Right now, I'd rather throw cupcakes at a butthole.  Not the mini's but the big, huge Costco muffin size.

Nothing like man flaps flapping around latino style.

Thursday, January 21, 2010

Thankful Thursday - TOSH style



I am super thankful for TOSH Orthopedics.  For reals. 
Not only did I get fixed up nice and right but now, they are going to take care of my Splenda Daddy.  Now, of course, I AM an Intermountain Healthcare snob, but so be it. 

TOSH is one of the most premier orthopedic specialty hospitals around.  Between all the great orthopedic surgeons to each and every physical therapist and their highly trained assistants, a patient there gets service like you wouldn't believe.  I mean pro athletes from all over the world come here for rehab and training.





 Splenda's neck has been bothering him. After a diagnosis of 3 bulging discs (MRI), he had an injection at the pain clinic, but still having trouble.  So what to do?

I email my friend JS at Dr J's office. 
The abbreviated convo:
Me:  Does Dr J see necks and if not, can you recommend a good neck guy?
JS:  Yes, he does necks, depending on what is going on.
Me:  He had an MRI at the Mothership - should be accessible via EMR. (electronic medical record)
JS:  I'll have Dr J take a look and let you know.  PS - how's the running?

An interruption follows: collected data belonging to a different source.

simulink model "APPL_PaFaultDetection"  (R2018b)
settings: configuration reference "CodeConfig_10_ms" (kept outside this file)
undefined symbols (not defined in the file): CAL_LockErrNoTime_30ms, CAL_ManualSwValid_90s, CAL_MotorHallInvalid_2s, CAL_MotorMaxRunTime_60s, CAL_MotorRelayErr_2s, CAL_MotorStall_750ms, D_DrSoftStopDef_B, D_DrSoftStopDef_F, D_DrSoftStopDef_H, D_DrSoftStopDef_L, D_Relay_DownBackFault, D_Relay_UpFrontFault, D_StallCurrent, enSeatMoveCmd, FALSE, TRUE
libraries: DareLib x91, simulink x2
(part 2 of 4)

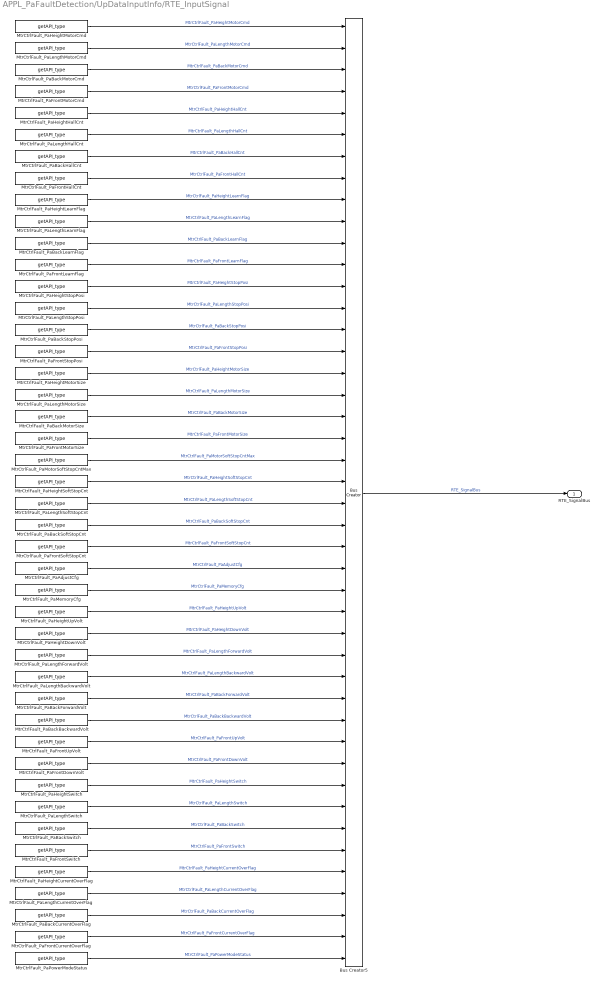
== system APPL_PaFaultDetection/UpDataInputInfo/RTE_InputSignal ==
  Bus Creator5 : BusCreator  Inputs=44
  MtrCtrlFault_PaAdjustCfg : DareLib/Dare/getAPI_type  g_funcname=Srvl_GetMemIndexDataU8  g_param=EN_MemIndex_PaAdjustConfig  g_type=uint8  g_size=-1
      settings: AttributesFormatString=%<g_funcname>  SourceProductName=Dare Library
  MtrCtrlFault_PaBackBackwardVolt : DareLib/Dare/getAPI_type  g_funcname=Ecual_GetPaRelayFlagBackBackward  g_param=""  g_type=uint8  g_size=-1
      settings: AttributesFormatString=%<g_funcname>  SourceProductName=Dare Library
  MtrCtrlFault_PaBackCurrentOverFlag : DareLib/Dare/getAPI_type  g_funcname=Ecual_GetPrBackOverCurrentFlag  g_param=""  g_type=uint8  g_size=-1
      settings: AttributesFormatString=%<g_funcname>  SourceProductName=Dare Library
  MtrCtrlFault_PaBackForwardVolt : DareLib/Dare/getAPI_type  g_funcname=Ecual_GetPaRelayFlagBackForward  g_param=""  g_type=uint8  g_size=-1
      settings: AttributesFormatString=%<g_funcname>  SourceProductName=Dare Library
  MtrCtrlFault_PaBackHallCnt : DareLib/Dare/getAPI_type  g_funcname=Cdd_GetCurrentHallCnt  g_param=EN_PassengerBack  g_type=uint16  g_size=-1
      settings: AttributesFormatString=%<g_funcname>  SourceProductName=Dare Library
  MtrCtrlFault_PaBackLearnFlag : DareLib/Dare/getAPI_type  g_funcname=Cdd_GetMotorLearnFlag  g_param=EN_PassengerBack  g_type=uint8  g_size=-1
      settings: AttributesFormatString=%<g_funcname>  SourceProductName=Dare Library
  MtrCtrlFault_PaBackMotorCmd : DareLib/Dare/getAPI_type  g_funcname=Rte_GetVfb_PaBackMotorCmd  g_param=""  g_type=uint8  g_size=-1
      settings: AttributesFormatString=%<g_funcname>  SourceProductName=Dare Library
  MtrCtrlFault_PaBackMotorSize : DareLib/Dare/getAPI_type  g_funcname=Cdd_GetMotorSize  g_param=EN_PassengerBack  g_type=uint16  g_size=-1
      settings: AttributesFormatString=%<g_funcname>  SourceProductName=Dare Library
  MtrCtrlFault_PaBackSoftStopCnt : DareLib/Dare/getAPI_type  g_funcname=Srvl_GetMemIndexDataU8  g_param=EN_MemIndex_PaBackSoftStopCnt  g_type=uint8  g_size=-1
      settings: AttributesFormatString=%<g_funcname>  SourceProductName=Dare Library
  MtrCtrlFault_PaBackStopPosi : DareLib/Dare/getAPI_type  g_funcname=Cdd_GetMotorHardStop  g_param=EN_PassengerBack  g_type=uint16  g_size=-1
      settings: AttributesFormatString=%<g_funcname>  SourceProductName=Dare Library
  MtrCtrlFault_PaBackSwitch : DareLib/Dare/getAPI_type  g_funcname=Ecual_GetPaBackSwitchCmd  g_param=""  g_type=uint8  g_enum=enSeatMoveCmd  g_size=-1
      settings: AttributesFormatString=%<g_funcname>  SourceProductName=Dare Library
  MtrCtrlFault_PaFrontCurrentOverFlag : DareLib/Dare/getAPI_type  g_funcname=Ecual_GetPrFrontOverCurrentFlag  g_param=""  g_type=uint8  g_size=-1
      settings: AttributesFormatString=%<g_funcname>  SourceProductName=Dare Library
  MtrCtrlFault_PaFrontDownVolt : DareLib/Dare/getAPI_type  g_funcname=Ecual_GetPaRelayFlagFrontDown  g_param=""  g_type=uint8  g_size=-1
      settings: AttributesFormatString=%<g_funcname>  SourceProductName=Dare Library
  MtrCtrlFault_PaFrontHallCnt : DareLib/Dare/getAPI_type  g_funcname=Cdd_GetCurrentHallCnt  g_param=EN_PaResever_2  g_type=uint16  g_size=-1
      settings: AttributesFormatString=%<g_funcname>  SourceProductName=Dare Library
  MtrCtrlFault_PaFrontLearnFlag : DareLib/Dare/getAPI_type  g_funcname=Cdd_GetMotorLearnFlag  g_param=EN_PaResever_2  g_type=uint8  g_size=-1
      settings: AttributesFormatString=%<g_funcname>  SourceProductName=Dare Library
  MtrCtrlFault_PaFrontMotorCmd : DareLib/Dare/getAPI_type  g_funcname=Rte_GetVfb_PaFrontMotorCmd  g_param=""  g_type=uint8  g_size=-1
      settings: AttributesFormatString=%<g_funcname>  SourceProductName=Dare Library
  MtrCtrlFault_PaFrontMotorSize : DareLib/Dare/getAPI_type  g_funcname=Cdd_GetMotorSize  g_param=EN_PaResever_2  g_type=uint16  g_size=-1
      settings: AttributesFormatString=%<g_funcname>  SourceProductName=Dare Library
  MtrCtrlFault_PaFrontSoftStopCnt : DareLib/Dare/getAPI_type  g_funcname=Srvl_GetMemIndexDataU8  g_param=EN_MemIndex_PaFrontSoftStopCnt  g_type=uint8  g_size=-1
      settings: AttributesFormatString=%<g_funcname>  SourceProductName=Dare Library
  MtrCtrlFault_PaFrontStopPosi : DareLib/Dare/getAPI_type  g_funcname=Cdd_GetMotorHardStop  g_param=EN_PaResever_2  g_type=uint16  g_size=-1
      settings: AttributesFormatString=%<g_funcname>  SourceProductName=Dare Library
  MtrCtrlFault_PaFrontSwitch : DareLib/Dare/getAPI_type  g_funcname=Ecual_GetPaFrontSwitchCmd  g_param=""  g_type=uint8  g_enum=enSeatMoveCmd  g_size=-1
      settings: AttributesFormatString=%<g_funcname>  SourceProductName=Dare Library
  MtrCtrlFault_PaFrontUpVolt : DareLib/Dare/getAPI_type  g_funcname=Ecual_GetPaRelayFlagFrontUp  g_param=""  g_type=uint8  g_size=-1
      settings: AttributesFormatString=%<g_funcname>  SourceProductName=Dare Library
  MtrCtrlFault_PaHeightCurrentOverFlag : DareLib/Dare/getAPI_type  g_funcname=Ecual_GetPrHeightOverCurrentFlag  g_param=""  g_type=uint8  g_size=-1
      settings: AttributesFormatString=%<g_funcname>  SourceProductName=Dare Library
  MtrCtrlFault_PaHeightDownVolt : DareLib/Dare/getAPI_type  g_funcname=Ecual_GetPaRelayFlagHeightDN  g_param=""  g_type=uint8  g_size=-1
      settings: AttributesFormatString=%<g_funcname>  SourceProductName=Dare Library
  MtrCtrlFault_PaHeightHallCnt : DareLib/Dare/getAPI_type  g_funcname=Cdd_GetCurrentHallCnt  g_param=EN_PaResever_1  g_type=uint16  g_size=-1
      settings: AttributesFormatString=%<g_funcname>  SourceProductName=Dare Library
  MtrCtrlFault_PaHeightLearnFlag : DareLib/Dare/getAPI_type  g_funcname=Cdd_GetMotorLearnFlag  g_param=EN_PaResever_1  g_type=uint8  g_size=-1
      settings: AttributesFormatString=%<g_funcname>  SourceProductName=Dare Library
  MtrCtrlFault_PaHeightMotorCmd : DareLib/Dare/getAPI_type  g_funcname=Rte_GetVfb_PaHeightMotorCmd  g_param=""  g_type=uint8  g_size=-1
      settings: AttributesFormatString=%<g_funcname>  SourceProductName=Dare Library
  MtrCtrlFault_PaHeightMotorSize : DareLib/Dare/getAPI_type  g_funcname=Cdd_GetMotorSize  g_param=EN_PaResever_1  g_type=uint16  g_size=-1
      settings: AttributesFormatString=%<g_funcname>  SourceProductName=Dare Library
  MtrCtrlFault_PaHeightSoftStopCnt : DareLib/Dare/getAPI_type  g_funcname=Srvl_GetMemIndexDataU8  g_param=EN_MemIndex_PaHeightSoftStopCnt  g_type=uint8  g_size=-1
      settings: AttributesFormatString=%<g_funcname>  SourceProductName=Dare Library
  MtrCtrlFault_PaHeightStopPosi : DareLib/Dare/getAPI_type  g_funcname=Cdd_GetMotorHardStop  g_param=EN_PaResever_1  g_type=uint16  g_size=-1
      settings: AttributesFormatString=%<g_funcname>  SourceProductName=Dare Library
  MtrCtrlFault_PaHeightSwitch : DareLib/Dare/getAPI_type  g_funcname=Ecual_GetPaHeightSwitchCmd  g_param=""  g_type=uint8  g_enum=enSeatMoveCmd  g_size=-1
      settings: AttributesFormatString=%<g_funcname>  SourceProductName=Dare Library
  MtrCtrlFault_PaHeightUpVolt : DareLib/Dare/getAPI_type  g_funcname=Ecual_GetPaRelayFlagHeightUp  g_param=""  g_type=uint8  g_size=-1
      settings: AttributesFormatString=%<g_funcname>  SourceProductName=Dare Library
  MtrCtrlFault_PaLengthBackwardVolt : DareLib/Dare/getAPI_type  g_funcname=Ecual_GetPaRelayFlagLenghtBackward  g_param=""  g_type=uint8  g_size=-1
      settings: AttributesFormatString=%<g_funcname>  SourceProductName=Dare Library
  MtrCtrlFault_PaLengthCurrentOverFlag : DareLib/Dare/getAPI_type  g_funcname=Ecual_GetPrLengthOverCurrentFlag  g_param=""  g_type=uint8  g_size=-1
      settings: AttributesFormatString=%<g_funcname>  SourceProductName=Dare Library
  MtrCtrlFault_PaLengthForwardVolt : DareLib/Dare/getAPI_type  g_funcname=Ecual_GetPaRelayFlagLenghtForward  g_param=""  g_type=uint8  g_size=-1
      settings: AttributesFormatString=%<g_funcname>  SourceProductName=Dare Library
  MtrCtrlFault_PaLengthHallCnt : DareLib/Dare/getAPI_type  g_funcname=Cdd_GetCurrentHallCnt  g_param=EN_PassengerLength  g_type=uint16  g_size=-1
      settings: AttributesFormatString=%<g_funcname>  SourceProductName=Dare Library
  MtrCtrlFault_PaLengthLearnFlag : DareLib/Dare/getAPI_type  g_funcname=Cdd_GetMotorLearnFlag  g_param=EN_PassengerLength  g_type=uint8  g_size=-1
      settings: AttributesFormatString=%<g_funcname>  SourceProductName=Dare Library
  MtrCtrlFault_PaLengthMotorCmd : DareLib/Dare/getAPI_type  g_funcname=Rte_GetVfb_PaLengthMotorCmd  g_param=""  g_type=uint8  g_size=-1
      settings: AttributesFormatString=%<g_funcname>  SourceProductName=Dare Library
  MtrCtrlFault_PaLengthMotorSize : DareLib/Dare/getAPI_type  g_funcname=Cdd_GetMotorSize  g_param=EN_PassengerLength  g_type=uint16  g_size=-1
      settings: AttributesFormatString=%<g_funcname>  SourceProductName=Dare Library
  MtrCtrlFault_PaLengthSoftStopCnt : DareLib/Dare/getAPI_type  g_funcname=Srvl_GetMemIndexDataU8  g_param=EN_MemIndex_PaLengthSoftStopCnt  g_type=uint8  g_size=-1
      settings: AttributesFormatString=%<g_funcname>  SourceProductName=Dare Library
  MtrCtrlFault_PaLengthStopPosi : DareLib/Dare/getAPI_type  g_funcname=Cdd_GetMotorHardStop  g_param=EN_PassengerLength  g_type=uint16  g_size=-1
      settings: AttributesFormatString=%<g_funcname>  SourceProductName=Dare Library
  MtrCtrlFault_PaLengthSwitch : DareLib/Dare/getAPI_type  g_funcname=Ecual_GetPaLengthSwitchCmd  g_param=""  g_type=uint8  g_enum=enSeatMoveCmd  g_size=-1
      settings: AttributesFormatString=%<g_funcname>  SourceProductName=Dare Library
  MtrCtrlFault_PaMemoryCfg : DareLib/Dare/getAPI_type  g_funcname=Srvl_GetMemIndexDataU8  g_param=EN_MemIndex_PaMemoryConfig  g_type=uint8  g_size=-1
      settings: AttributesFormatString=%<g_funcname>  SourceProductName=Dare Library
  MtrCtrlFault_PaMotorSoftStopCntMax : DareLib/Dare/getAPI_type  g_funcname=Srvl_GetMemIndexDataU8  g_param=EN_MemIndex_MotorSoftStopCntMax  g_type=uint8  g_size=-1
      settings: AttributesFormatString=%<g_funcname>  SourceProductName=Dare Library
  MtrCtrlFault_PaPowerModeStatus : DareLib/Dare/getAPI_type  g_funcname=Rte_GetVfb_PowerMode  g_param=""  g_type=uint8  g_enum=enIgnSts  g_size=-1
      settings: AttributesFormatString=%<g_funcname>  SourceProductName=Dare Library
  RTE_SignalBus : Outport
  wires:
  Bus Creator5/1 -> RTE_SignalBus/1  "RTE_SignalBus"
  MtrCtrlFault_PaHeightMotorCmd/1 -> Bus Creator5/1  "MtrCtrlFault_PaHeightMotorCmd"
  MtrCtrlFault_PaLengthMotorCmd/1 -> Bus Creator5/2  "MtrCtrlFault_PaLengthMotorCmd"
  MtrCtrlFault_PaBackMotorCmd/1 -> Bus Creator5/3  "MtrCtrlFault_PaBackMotorCmd"
  MtrCtrlFault_PaFrontMotorCmd/1 -> Bus Creator5/4  "MtrCtrlFault_PaFrontMotorCmd"
  MtrCtrlFault_PaHeightHallCnt/1 -> Bus Creator5/5  "MtrCtrlFault_PaHeightHallCnt"
  MtrCtrlFault_PaLengthHallCnt/1 -> Bus Creator5/6  "MtrCtrlFault_PaLengthHallCnt"
  MtrCtrlFault_PaBackHallCnt/1 -> Bus Creator5/7  "MtrCtrlFault_PaBackHallCnt"
  MtrCtrlFault_PaFrontHallCnt/1 -> Bus Creator5/8  "MtrCtrlFault_PaFrontHallCnt"
  MtrCtrlFault_PaHeightLearnFlag/1 -> Bus Creator5/9  "MtrCtrlFault_PaHeightLearnFlag"
  MtrCtrlFault_PaLengthLearnFlag/1 -> Bus Creator5/10  "MtrCtrlFault_PaLengthLearnFlag"
  MtrCtrlFault_PaBackLearnFlag/1 -> Bus Creator5/11  "MtrCtrlFault_PaBackLearnFlag"
  MtrCtrlFault_PaFrontLearnFlag/1 -> Bus Creator5/12  "MtrCtrlFault_PaFrontLearnFlag"
  MtrCtrlFault_PaHeightStopPosi/1 -> Bus Creator5/13  "MtrCtrlFault_PaHeightStopPosi"
  MtrCtrlFault_PaLengthStopPosi/1 -> Bus Creator5/14  "MtrCtrlFault_PaLengthStopPosi"
  MtrCtrlFault_PaBackStopPosi/1 -> Bus Creator5/15  "MtrCtrlFault_PaBackStopPosi"
  MtrCtrlFault_PaFrontStopPosi/1 -> Bus Creator5/16  "MtrCtrlFault_PaFrontStopPosi"
  MtrCtrlFault_PaHeightMotorSize/1 -> Bus Creator5/17  "MtrCtrlFault_PaHeightMotorSize"
  MtrCtrlFault_PaLengthMotorSize/1 -> Bus Creator5/18  "MtrCtrlFault_PaLengthMotorSize"
  MtrCtrlFault_PaBackMotorSize/1 -> Bus Creator5/19  "MtrCtrlFault_PaBackMotorSize"
  MtrCtrlFault_PaFrontMotorSize/1 -> Bus Creator5/20  "MtrCtrlFault_PaFrontMotorSize"
  MtrCtrlFault_PaMotorSoftStopCntMax/1 -> Bus Creator5/21  "MtrCtrlFault_PaMotorSoftStopCntMax"
  MtrCtrlFault_PaHeightSoftStopCnt/1 -> Bus Creator5/22  "MtrCtrlFault_PaHeightSoftStopCnt"
  MtrCtrlFault_PaLengthSoftStopCnt/1 -> Bus Creator5/23  "MtrCtrlFault_PaLengthSoftStopCnt"
  MtrCtrlFault_PaBackSoftStopCnt/1 -> Bus Creator5/24  "MtrCtrlFault_PaBackSoftStopCnt"
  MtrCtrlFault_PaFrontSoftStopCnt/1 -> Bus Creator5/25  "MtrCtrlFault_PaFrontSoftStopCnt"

Not less than an hour later.......

JS:  So, DR J looked at the scan and impression and can help Splenda Daddy.  Call me and we'll get an appointment.
I forward the email to Splenda.  He calls JS, gets an appointment in less than a week.  FOR REALS!

Seriously, best patient care evah!  Talk about being on the ball, ready to help and busting tail to get you in and on the road to recovery. 

And let's not forget what they have done for me.  No words.

So a BIG thank you shout out to my friends at TOSH
JS; SF; Dr. J; and J my PT dude.
You guys friggin rock!

And to anyone reading, if you need a good orthopod or PT, email me and I'll give you the deets.

Wednesday, January 20, 2010

Wednesday Wrandom Wrambling's


I really don't do well in January.  Or February.  Or March.  Okay, I don't do well unless it's like July through the end of August.  And while many of you frowned on my tanning bed,  it makes me happy.  Just a few minutes of bright lights, warmth and solitude.  I am lucky in that I inherited my Dad's skin.  Fair looking, but I can brown up like nobody's business.  Go ahead and judge. 

I really want hardwood floors.  Heck, I'll take laminate.  I am so OVER carpeting.  How to convince Splenda daddy....... the  good boob isn't going to work for this one.

I think I have found my trick for maintaing/losing weight.  I LOVE a huge lunch and then nothing else the rest of the day.  If I do eat at night, it's when I let myself have a little treat or a small snack.  So far, it's working great.  I am down 4 ellbee's.  Of course, the gym has to remain a huge part of my life, but that's easy.

Speaking of the gym.  I am SO NOT getting back to my racing shape.  I mean, I can run, but not long like I used to be able to.  It's very frustrating and I know that I need to chill out, and realize it will come back, but really, I want to be able to run.  LIKE I KNOW I CAN!

I'm going to try Zumba Friday morning.  I am positive I will make a fool of myself.  But what else is new?

I promised everyone I would make soup today.  Now I'm not in the mood.  I gotta quit setting expectations of myself for others.  Really.  If I were to just set out some ceral and milk, do you think anyone would notice?  I mean it's still bowls right?

I took my concealed weapons training course MONTHS ago and I still haven't sent in my paperwork.  I really need to just dig in my basket, find it and get it done.  Maybe Friday.

Speaking of Friday.  I get to take the day off and have Sissy come over early.  Maybe a matinee is in our cards.  Princess and the Frog or Alvin and the Chipmunks?  On second thought, don't answer that. 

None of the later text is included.